No dia 13/08, dez dias após a ignominiosa postagem, Roberto Jefferson, o soldado querido e referendado pelo general Ramos, foi preso, por tempo indeterminado, por ordem do ministro do Supremo Tribunal Federal (STF) Alexandre Moraes, dentro do inquérito que investiga a ação das milícias digitais bolsonaristas, por ameaçar publicamente as instituições democráticas, por meio inclusive de incitamento a ações armadas. O ministro Moraes também determinou busca e apreensão de armas e equipamentos eletrônicos em posse de Jefferson por sua participação nessas organizações criminosas.
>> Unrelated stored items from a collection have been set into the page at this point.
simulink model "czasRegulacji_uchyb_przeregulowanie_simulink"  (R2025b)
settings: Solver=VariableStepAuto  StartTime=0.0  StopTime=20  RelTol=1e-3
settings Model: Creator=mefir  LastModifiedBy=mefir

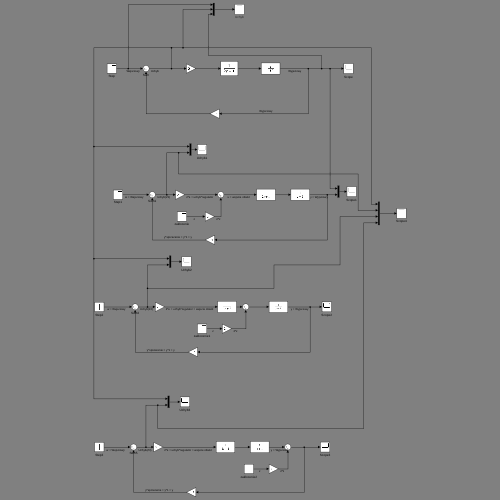
[thumbnail: Simulink's stored preview of the top-level diagram]
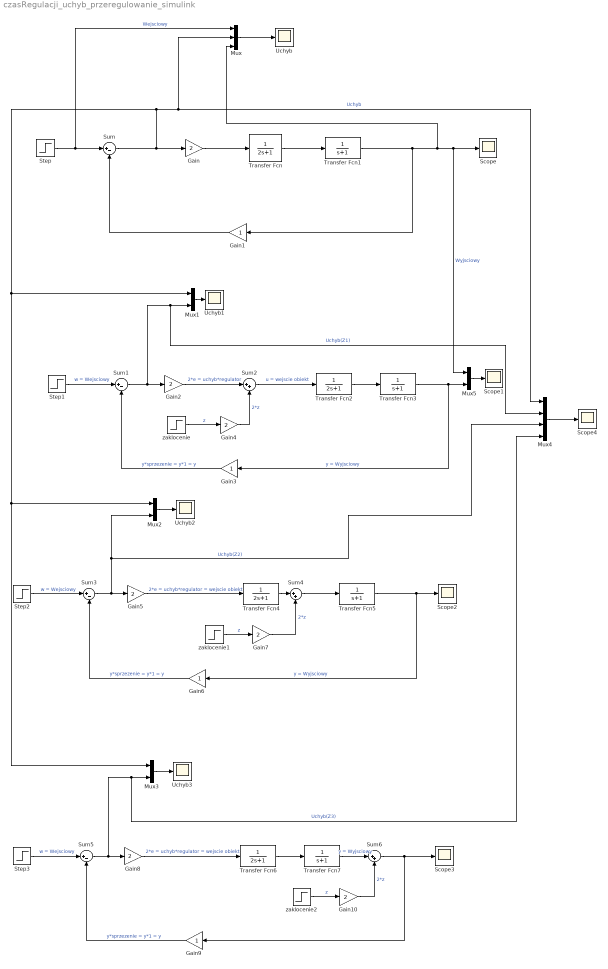
== system czasRegulacji_uchyb_przeregulowanie_simulink ==
  Gain{,2,4..5,7..8,10} (7 alike) : Gain  Gain=2
  Gain{1,3,6,9} (4 alike) : Gain
  Mux : Mux  Inputs=3
  Mux{1..3,5} (4 alike) : Mux  Inputs=2
  Mux4 : Mux
  Scope{,1..4} (5 alike) : Scope
      Scope settings: ActiveDisplayYMinimum=-0.06502980968093075  ActiveDisplayYMaximum=0.77577049871628523
      Scope1 settings: ActiveDisplayYMinimum=-0.023285806575956025  ActiveDisplayYMaximum=2.011000432811886  DataLoggingVariableName=ScopeData2
      Scope2 settings: ActiveDisplayYMinimum=-0.48841878311873588  ActiveDisplayYMaximum=2.237719338068338  DataLoggingVariableName=ScopeData4
      Scope3 settings: ActiveDisplayYMinimum=-0.61690021233914671  ActiveDisplayYMaximum=2.3886670662696021  DataLoggingVariableName=ScopeData6
      Scope4 settings: ActiveDisplayYMinimum=-1.25  ActiveDisplayYMaximum=1.25  DataLoggingVariableName=ScopeData8
  Step{,1..3} (4 alike) : Step  Time=0  SampleTime=0
  Sum{,1,3,5} (4 alike) : Sum  Inputs=|+-
  Sum2 : Sum  Inputs=|++
  Sum4 : Sum  Inputs=|++
  Sum6 : Sum  Inputs=|++
  Transfer Fcn{,2,4,6} (4 alike) : TransferFcn  Denominator=[2 1]
  Transfer Fcn{1,3,5,7} (4 alike) : TransferFcn  Denominator=[1 1]
  Uchyb{,1..3} (4 alike) : Scope
      Uchyb settings: ActiveDisplayYMinimum=-0.12499999999999997  ActiveDisplayYMaximum=1.125
      Uchyb1 settings: ActiveDisplayYMinimum=-0.62882694024493047  ActiveDisplayYMaximum=1.1809807711383256  DataLoggingVariableName=ScopeData3
      Uchyb2 settings: ActiveDisplayYMinimum=-0.62882694024493047  ActiveDisplayYMaximum=1.1809807711383256  DataLoggingVariableName=ScopeData5
      Uchyb3 settings: ActiveDisplayYMinimum=-0.70790013461355861  ActiveDisplayYMaximum=1.2874128671864817  DataLoggingVariableName=ScopeData7
  zaklocenie : Step  Time=0  SampleTime=0
  zaklocenie1 : Step  Time=0  SampleTime=0
  zaklocenie2 : Step  Time=0  SampleTime=0
  wires:
  Step/1 -> Mux/1, Sum/1  "Wejsciowy"
  Sum/1 -> Mux/2, Mux4/1, Mux3/1, Mux2/1, Mux1/1, Gain/1  "Uchyb"
  Gain/1 -> Transfer Fcn/1
  Transfer Fcn/1 -> Transfer Fcn1/1
  Transfer Fcn1/1 -> Mux/3, Mux5/1, Scope/1, Gain1/1  "Wyjsciowy"
  Gain1/1 -> Sum/2
  Mux/1 -> Uchyb/1
  Transfer Fcn3/1 -> Mux5/2, Gain3/1  "y = Wyjsciowy"
  Mux1/1 -> Uchyb1/1
  Gain3/1 -> Sum1/2  "y*sprzezenie = y*1 = y"
  Transfer Fcn2/1 -> Transfer Fcn3/1
  Step1/1 -> Sum1/1  "w = Wejsciowy"
  Sum1/1 -> Mux4/2, Mux1/2, Gain2/1  "Uchyb(Z1)"
  Gain2/1 -> Sum2/1  "2*e = uchyb*regulator"
  Sum2/1 -> Transfer Fcn2/1  "u = wejscie obiekt"
  zaklocenie/1 -> Gain4/1  "z"
  Gain4/1 -> Sum2/2  "2*z"
  Gain6/1 -> Sum3/2  "y*sprzezenie = y*1 = y"
  Step2/1 -> Sum3/1  "w = Wejsciowy"
  Transfer Fcn5/1 -> Scope2/1, Gain6/1  "y = Wyjsciowy"
  Sum3/1 -> Mux4/3, Mux2/2, Gain5/1  "Uchyb(Z2)"
  zaklocenie1/1 -> Gain7/1  "z"
  Gain7/1 -> Sum4/2  "2*z"
  Gain5/1 -> Transfer Fcn4/1  "2*e = uchyb*regulator = wejscie obiekt"
  Mux2/1 -> Uchyb2/1
  Transfer Fcn4/1 -> Sum4/1
  Sum4/1 -> Transfer Fcn5/1
  Gain9/1 -> Sum5/2  "y*sprzezenie = y*1 = y"
  Sum5/1 -> Mux4/4, Mux3/2, Gain8/1  "Uchyb(Z3)"
  Gain10/1 -> Sum6/2  "2*z"
  Mux3/1 -> Uchyb3/1
  zaklocenie2/1 -> Gain10/1  "z"
  Gain8/1 -> Transfer Fcn6/1  "2*e = uchyb*regulator = wejscie obiekt"
  Step3/1 -> Sum5/1  "w = Wejsciowy"
  Transfer Fcn6/1 -> Transfer Fcn7/1
  Transfer Fcn7/1 -> Sum6/1  "y = Wyjsciowy"
  Sum6/1 -> Gain9/1, Scope3/1
  Mux4/1 -> Scope4/1
  Mux5/1 -> Scope1/1

As palavras-chave do texto do general Ramos são: soldado, democracia, liberdade e povo. Com elas, ele busca montar um sofisma ideológico articulado com todas as mensagens emitidas pelo bolsonarismo. O sujeito central do sofisma do general é o soldado, o tipo idealizado por esta ideologia fascista. Aquele ente perfeito, imaculado, acima da sociedade, ao qual todos os civis devem prestar reverência e obediência.

Mas em uma democracia legítima, o sujeito central são os cidadãos autônomos, articulados em movimentos sociais e organizações representativas – como sindicatos, partidos políticos, associações civis – que constroem, defendem e garantem livremente a democracia de uma nação tendo como fundamento legal de suas ações políticas e civis a Constituição. Ao soldado, de fato, cabe a obrigação imposta pela Lei da defesa da nação diante do inimigo externo. Não compete ao soldado, sob nenhuma hipótese, tutelar a vida cidadã nem ameaçar a atuação dos Poderes republicanos.

O “colchão ideológico”, anunciado pelo chanceler de ferro Bismarck, visa, como num passe de mágica, ocultar os problemas da vida real com uma cortina de fumaça nas representações mentais, levando-as a perceberem-nos como resolvidos, num puro jogo de aparências. Em vez de despertar as forças mais profundas dos cidadãos em torno da luta por justiça e libertação, os tiranos buscam com estas mensagens produzir, como alimento, um tipo de ópio que confunda e anestesie a população diante da realidade. Este é o objetivo do colchão ideológico da classe dominante.

No último dia 11 de agosto, pode-se perceber uma nova edição desta crônica com o programado desfile de equipamentos militares, arcaicos e obsoletos, no âmbito da Praça dos Três Poderes, encomendado pelo general Braga Netto e tornado realidade pelo seu ordenança (soldado às ordens de uma autoridade militar) Bolsonaro.

O desfile compôs uma das diversas ações governamentais de ameaça à confirmação do voto eletrônico pela Câmara Federal, consolidado em nossa democracia desde as eleições municipais de 1996. Uma magnânima obra democrática brasileira que superou o voto em papel, motivo de grandes fraudes eleitorais desde tempos imemoriais. E eis novamente o soldado trazido à baila, de forma farsesca, apresentando-se em seu agir político partidário como um defensor da ordem democrática, ao querer impor sua autoridade imperativa, quando na verdade se apresenta como sua grande ameaça.

A tarefa do próximo presidente eleito, juntamente com o Congresso nacional, situa-se no movimento político-jurídico de pleno retorno do Brasil à democracia. Isto implica uma ampla e profunda revisão constitucional do papel das Forças Armadas, proibindo terminantemente a sua intervenção na segurança do interior do Estado brasileiro; distinguindo claramente a defesa nacional contra a ameaça externa, papel das Forças Armadas, como um âmbito organizacional-funcional diferente da segurança interior; impedindo a intervenção operativa e de inteligência das Forças Armadas em assuntos circunscritos a este âmbito; repudiando energicamente toda forma de violência que quebre a convivência democrática dos brasileiros; ratificando de forma pétrea o poder civil na vigência plena das instituições democráticas.